# Task requirements
Say nothing but the number of lines below in which the string "radius" appears.

# Data items
>>>>

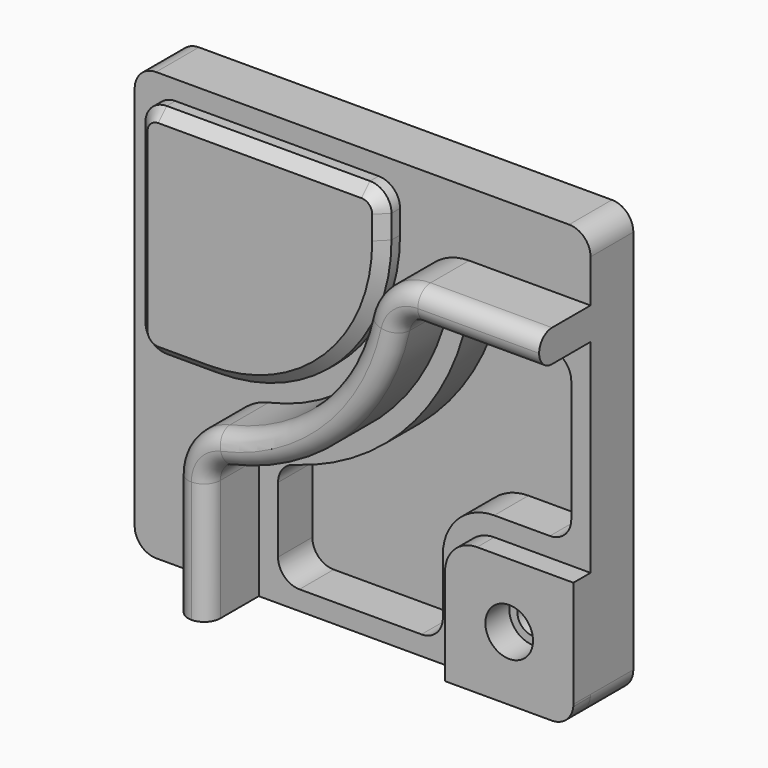
from build123d import *

# Parameters (mm, degrees)
F1_DEPTH        = 25
F2_DEPTH        = 10
F3_DEPTH        = 20
F4_DEPTH        = 30
F5_R            = 7.49999
F6_SIZE         = 5
F7_R            = 10
F8_DEPTH        = 10
F10_D           = 14.75
F10_CBORE_D     = 22.25
F10_CBORE_DEPTH = 14


# Not quite as in the source:
# - a fillet or chamfer is up to 0.001 mm smaller than in the source, because OpenCascade refuses the exact size


with BuildPart() as f1:
    # F0 (on Front) → F1 (new body)
    with BuildSketch(Plane.XZ):
        with BuildLine():
            Line((96.5, 100), (-96.5, 100))
            ThreePointArc((-96.5, 100), (-103.5710678119, 97.0710678119), (-106.5, 90))
            Line((-106.5, 90), (-106.5, -90))
            ThreePointArc((-106.5, -90), (-103.5710678119, -97.0710678119), (-96.5, -100))
            Line((-96.5, -100), (-63.5, -100))
            Line((-63.5, -100), (-63.5, -43.2740040786))
            ThreePointArc((-63.5, -43.2740040786), (-57.9897187751, -27.6167098657), (-43.8879310345, -18.8615031996))
            ThreePointArc((-43.8879310345, -18.8615031996), (0.846717088, 5.653282912), (25.3615031996, 50.3879310345))
            ThreePointArc((25.3615031996, 50.3879310345), (34.1167098657, 64.4897187751), (49.7740040786, 70))
            Line((49.7740040786, 70), (106.5, 70))
            Line((106.5, 70), (106.5, 90))
            ThreePointArc((106.5, 90), (103.5710678119, 97.0710678119), (96.5, 100))
        make_face()
        with BuildLine():
            ThreePointArc((17.5, 70), (-6.2243507239, 12.7243507239), (-63.5, -11))
            Line((-63.5, -11), (-87.5, -11))
            ThreePointArc((-87.5, -11), (-94.5710678119, -8.0710678119), (-97.5, -1))
            Line((-97.5, -1), (-97.5, 81))
            ThreePointArc((-97.5, 81), (-94.5710678119, 88.0710678119), (-87.5, 91))
            Line((-87.5, 91), (7.5, 91))
            ThreePointArc((7.5, 91), (14.5710678119, 88.0710678119), (17.5, 81))
            Line((17.5, 81), (17.5, 70))
        make_face(mode=Mode.SUBTRACT)
        with BuildLine():
            ThreePointArc((-96.5, -100), (-103.5710678119, -97.0710678119), (-106.5, -90))
            Line((-106.5, -90), (-106.5, -100))
            Line((-106.5, -100), (-96.5, -100))
        make_face()
        with BuildLine():
            Line((106.5, 55), (106.5, 70))
            Line((106.5, 70), (49.7740040786, 70))
            ThreePointArc((49.7740040786, 70), (34.1167098657, 64.4897187751), (25.3615031996, 50.3879310345))
            ThreePointArc((25.3615031996, 50.3879310345), (0.846717088, 5.653282912), (-43.8879310345, -18.8615031996))
            ThreePointArc((-43.8879310345, -18.8615031996), (-57.9897187751, -27.6167098657), (-63.5, -43.2740040786))
            Line((-63.5, -43.2740040786), (-63.5, -100))
            Line((-63.5, -100), (-48.5, -100))
            Line((-48.5, -100), (-48.5, -43.2740040786))
            ThreePointArc((-48.5, -43.2740040786), (-46.29588751, -37.0110863935), (-40.6551724138, -33.509003727))
            ThreePointArc((-40.6551724138, -33.509003727), (11.4533188058, -4.9533188058), (40.009003727, 47.1551724138))
            ThreePointArc((40.009003727, 47.1551724138), (43.5110863935, 52.79588751), (49.7740040786, 55))
            Line((49.7740040786, 55), (106.5, 55))
        make_face()
        with BuildLine():
            Line((106.5, -40), (106.5, 55))
            Line((106.5, 55), (49.7740040786, 55))
            ThreePointArc((49.7740040786, 55), (43.5110863935, 52.79588751), (40.009003727, 47.1551724138))
            ThreePointArc((40.009003727, 47.1551724138), (11.4533188058, -4.9533188058), (-40.6551724138, -33.509003727))
            ThreePointArc((-40.6551724138, -33.509003727), (-46.29588751, -37.0110863935), (-48.5, -43.2740040786))
            Line((-48.5, -43.2740040786), (-48.5, -100))
            Line((-48.5, -100), (46.5, -100))
            Line((46.5, -100), (46.5, -55))
            ThreePointArc((46.5, -55), (50.8933982822, -44.3933982822), (61.5, -40))
            Line((61.5, -40), (106.5, -40))
        make_face()
        with BuildLine():
            Line((56.7871564216, 46), (87.5, 46))
            ThreePointArc((87.5, 46), (94.5710678119, 43.0710678119), (97.5, 36))
            Line((97.5, 36), (97.5, -21))
            ThreePointArc((97.5, -21), (94.5710678119, -28.0710678119), (87.5, -31))
            Line((87.5, -31), (61.5, -31))
            ThreePointArc((61.5, -31), (44.5294372515, -38.0294372515), (37.5, -55))
            Line((37.5, -55), (37.5, -81))
            ThreePointArc((37.5, -81), (34.5710678119, -88.0710678119), (27.5, -91))
            Line((27.5, -91), (-29.5, -91))
            ThreePointArc((-29.5, -91), (-36.5710678119, -88.0710678119), (-39.5, -81))
            Line((-39.5, -81), (-39.5, -50.2871564216))
            ThreePointArc((-39.5, -50.2871564216), (-37.474960815, -44.25391517), (-32.22, -40.6641839079))
            ThreePointArc((-32.22, -40.6641839079), (17.8172798365, -11.3172798365), (47.1641839079, 38.72))
            ThreePointArc((47.1641839079, 38.72), (50.75391517, 43.974960815), (56.7871564216, 46))
        make_face(mode=Mode.SUBTRACT)
        with BuildLine():
            Line((106.5, -90), (106.5, -40))
            Line((106.5, -40), (61.5, -40))
            ThreePointArc((61.5, -40), (50.8933982822, -44.3933982822), (46.5, -55))
            Line((46.5, -55), (46.5, -100))
            Line((46.5, -100), (96.5, -100))
            ThreePointArc((96.5, -100), (97.0006277506, -99.9874607311), (97.5, -99.9498743711))
            ThreePointArc((97.5, -99.9498743711), (103.5710678119, -97.0710678119), (106.4498743711, -91))
            ThreePointArc((106.4498743711, -91), (106.4874607311, -90.5006277506), (106.5, -90))
        make_face()
        with BuildLine():
            Line((106.5, -91), (106.5, -90))
            ThreePointArc((106.5, -90), (106.4874607311, -90.5006277506), (106.4498743711, -91))
            Line((106.4498743711, -91), (106.5, -91))
        make_face()
        with BuildLine():
            Line((106.5, -91), (106.4498743711, -91))
            ThreePointArc((106.4498743711, -91), (103.5710678119, -97.0710678119), (97.5, -99.9498743711))
            Line((97.5, -99.9498743711), (97.5, -100))
            Line((97.5, -100), (106.5, -100))
            Line((106.5, -100), (106.5, -91))
        make_face()
        with BuildLine():
            ThreePointArc((97.5, -99.9498743711), (97.0006277506, -99.9874607311), (96.5, -100))
            Line((96.5, -100), (97.5, -100))
            Line((97.5, -100), (97.5, -99.9498743711))
        make_face()
        with BuildLine():
            Line((-87.5, -11), (-63.5, -11))
            ThreePointArc((-63.5, -11), (-6.2243507239, 12.7243507239), (17.5, 70))
            Line((17.5, 70), (17.5, 81))
            ThreePointArc((17.5, 81), (14.5710678119, 88.0710678119), (7.5, 91))
            Line((7.5, 91), (-87.5, 91))
            ThreePointArc((-87.5, 91), (-94.5710678119, 88.0710678119), (-97.5, 81))
            Line((-97.5, 81), (-97.5, -1))
            ThreePointArc((-97.5, -1), (-94.5710678119, -8.0710678119), (-87.5, -11))
        make_face()
        with BuildLine():
            ThreePointArc((97.5, 36), (94.5710678119, 43.0710678119), (87.5, 46))
            Line((87.5, 46), (56.7871564216, 46))
            ThreePointArc((56.7871564216, 46), (50.75391517, 43.974960815), (47.1641839079, 38.72))
            ThreePointArc((47.1641839079, 38.72), (17.8172798365, -11.3172798365), (-32.22, -40.6641839079))
            ThreePointArc((-32.22, -40.6641839079), (-37.474960815, -44.25391517), (-39.5, -50.2871564216))
            Line((-39.5, -50.2871564216), (-39.5, -81))
            ThreePointArc((-39.5, -81), (-36.5710678119, -88.0710678119), (-29.5, -91))
            Line((-29.5, -91), (27.5, -91))
            ThreePointArc((27.5, -91), (34.5710678119, -88.0710678119), (37.5, -81))
            Line((37.5, -81), (37.5, -55))
            ThreePointArc((37.5, -55), (44.5294372515, -38.0294372515), (61.5, -31))
            Line((61.5, -31), (87.5, -31))
            ThreePointArc((87.5, -31), (94.5710678119, -28.0710678119), (97.5, -21))
            Line((97.5, -21), (97.5, 36))
        make_face()
    extrude(amount=-F1_DEPTH)

    # F0 (on Front) → F2 (join)
    with BuildSketch(Plane.XZ):
        with BuildLine():
            Line((-87.5, -11), (-63.5, -11))
            ThreePointArc((-63.5, -11), (-6.2243507239, 12.7243507239), (17.5, 70))
            Line((17.5, 70), (17.5, 81))
            ThreePointArc((17.5, 81), (14.5710678119, 88.0710678119), (7.5, 91))
            Line((7.5, 91), (-87.5, 91))
            ThreePointArc((-87.5, 91), (-94.5710678119, 88.0710678119), (-97.5, 81))
            Line((-97.5, 81), (-97.5, -1))
            ThreePointArc((-97.5, -1), (-94.5710678119, -8.0710678119), (-87.5, -11))
        make_face()
    extrude(amount=F2_DEPTH)

    # F0 (on Front) → F3 (cut)
    with BuildSketch(Plane.XZ):
        with BuildLine():
            ThreePointArc((97.5, 36), (94.5710678119, 43.0710678119), (87.5, 46))
            Line((87.5, 46), (56.7871564216, 46))
            ThreePointArc((56.7871564216, 46), (50.75391517, 43.974960815), (47.1641839079, 38.72))
            ThreePointArc((47.1641839079, 38.72), (17.8172798365, -11.3172798365), (-32.22, -40.6641839079))
            ThreePointArc((-32.22, -40.6641839079), (-37.474960815, -44.25391517), (-39.5, -50.2871564216))
            Line((-39.5, -50.2871564216), (-39.5, -81))
            ThreePointArc((-39.5, -81), (-36.5710678119, -88.0710678119), (-29.5, -91))
            Line((-29.5, -91), (27.5, -91))
            ThreePointArc((27.5, -91), (34.5710678119, -88.0710678119), (37.5, -81))
            Line((37.5, -81), (37.5, -55))
            ThreePointArc((37.5, -55), (44.5294372515, -38.0294372515), (61.5, -31))
            Line((61.5, -31), (87.5, -31))
            ThreePointArc((87.5, -31), (94.5710678119, -28.0710678119), (97.5, -21))
            Line((97.5, -21), (97.5, 36))
        make_face()
    extrude(amount=-F3_DEPTH, mode=Mode.SUBTRACT)

    # F0 (on Front) → F4 (join)
    with BuildSketch(Plane.XZ):
        with BuildLine():
            Line((106.5, 55), (106.5, 70))
            Line((106.5, 70), (49.7740040786, 70))
            ThreePointArc((49.7740040786, 70), (34.1167098657, 64.4897187751), (25.3615031996, 50.3879310345))
            ThreePointArc((25.3615031996, 50.3879310345), (0.846717088, 5.653282912), (-43.8879310345, -18.8615031996))
            ThreePointArc((-43.8879310345, -18.8615031996), (-57.9897187751, -27.6167098657), (-63.5, -43.2740040786))
            Line((-63.5, -43.2740040786), (-63.5, -100))
            Line((-63.5, -100), (-48.5, -100))
            Line((-48.5, -100), (-48.5, -43.2740040786))
            ThreePointArc((-48.5, -43.2740040786), (-46.29588751, -37.0110863935), (-40.6551724138, -33.509003727))
            ThreePointArc((-40.6551724138, -33.509003727), (11.4533188058, -4.9533188058), (40.009003727, 47.1551724138))
            ThreePointArc((40.009003727, 47.1551724138), (43.5110863935, 52.79588751), (49.7740040786, 55))
            Line((49.7740040786, 55), (106.5, 55))
        make_face()
    extrude(amount=F4_DEPTH)

    # F5 (radius 7.5 in the source; OpenCascade refuses exactly that, so slightly less here)
    f5_edges = [f1.edges().sort_by_distance(p)[0] for p in [
        (-63.5, -30, -71.637002),
        (-48.5, -30, -71.637002),
    ]]
    fillet(f5_edges, radius=F5_R)

    # F6
    f6_edges = [f1.edges().sort_by_distance(p)[0] for p in [
        (-97.5, -10, 40),
    ]]
    chamfer(f6_edges, length=F6_SIZE)

    # F7
    f7_edges = [f1.edges().sort_by_distance(p)[0] for p in [
        (-106.5, 12.5, -100),
        (106.5, 12.5, -100),
    ]]
    fillet(f7_edges, radius=F7_R)

    # F0 (on Front) → F8 (join)
    with BuildSketch(Plane.XZ):
        with BuildLine():
            Line((106.5, -90), (106.5, -40))
            Line((106.5, -40), (61.5, -40))
            ThreePointArc((61.5, -40), (50.8933982822, -44.3933982822), (46.5, -55))
            Line((46.5, -55), (46.5, -100))
            Line((46.5, -100), (96.5, -100))
            ThreePointArc((96.5, -100), (97.0006277506, -99.9874607311), (97.5, -99.9498743711))
            ThreePointArc((97.5, -99.9498743711), (103.5710678119, -97.0710678119), (106.4498743711, -91))
            ThreePointArc((106.4498743711, -91), (106.4874607311, -90.5006277506), (106.5, -90))
        make_face()
    extrude(amount=F8_DEPTH)

    # F10 (through all)
    with Locations(Plane.XZ.offset(10)):
        with Locations((76.5, -70)):
            CounterBoreHole(F10_D / 2, F10_CBORE_D / 2, F10_CBORE_DEPTH)


solid = f1.part

<<<<

# Completed task
3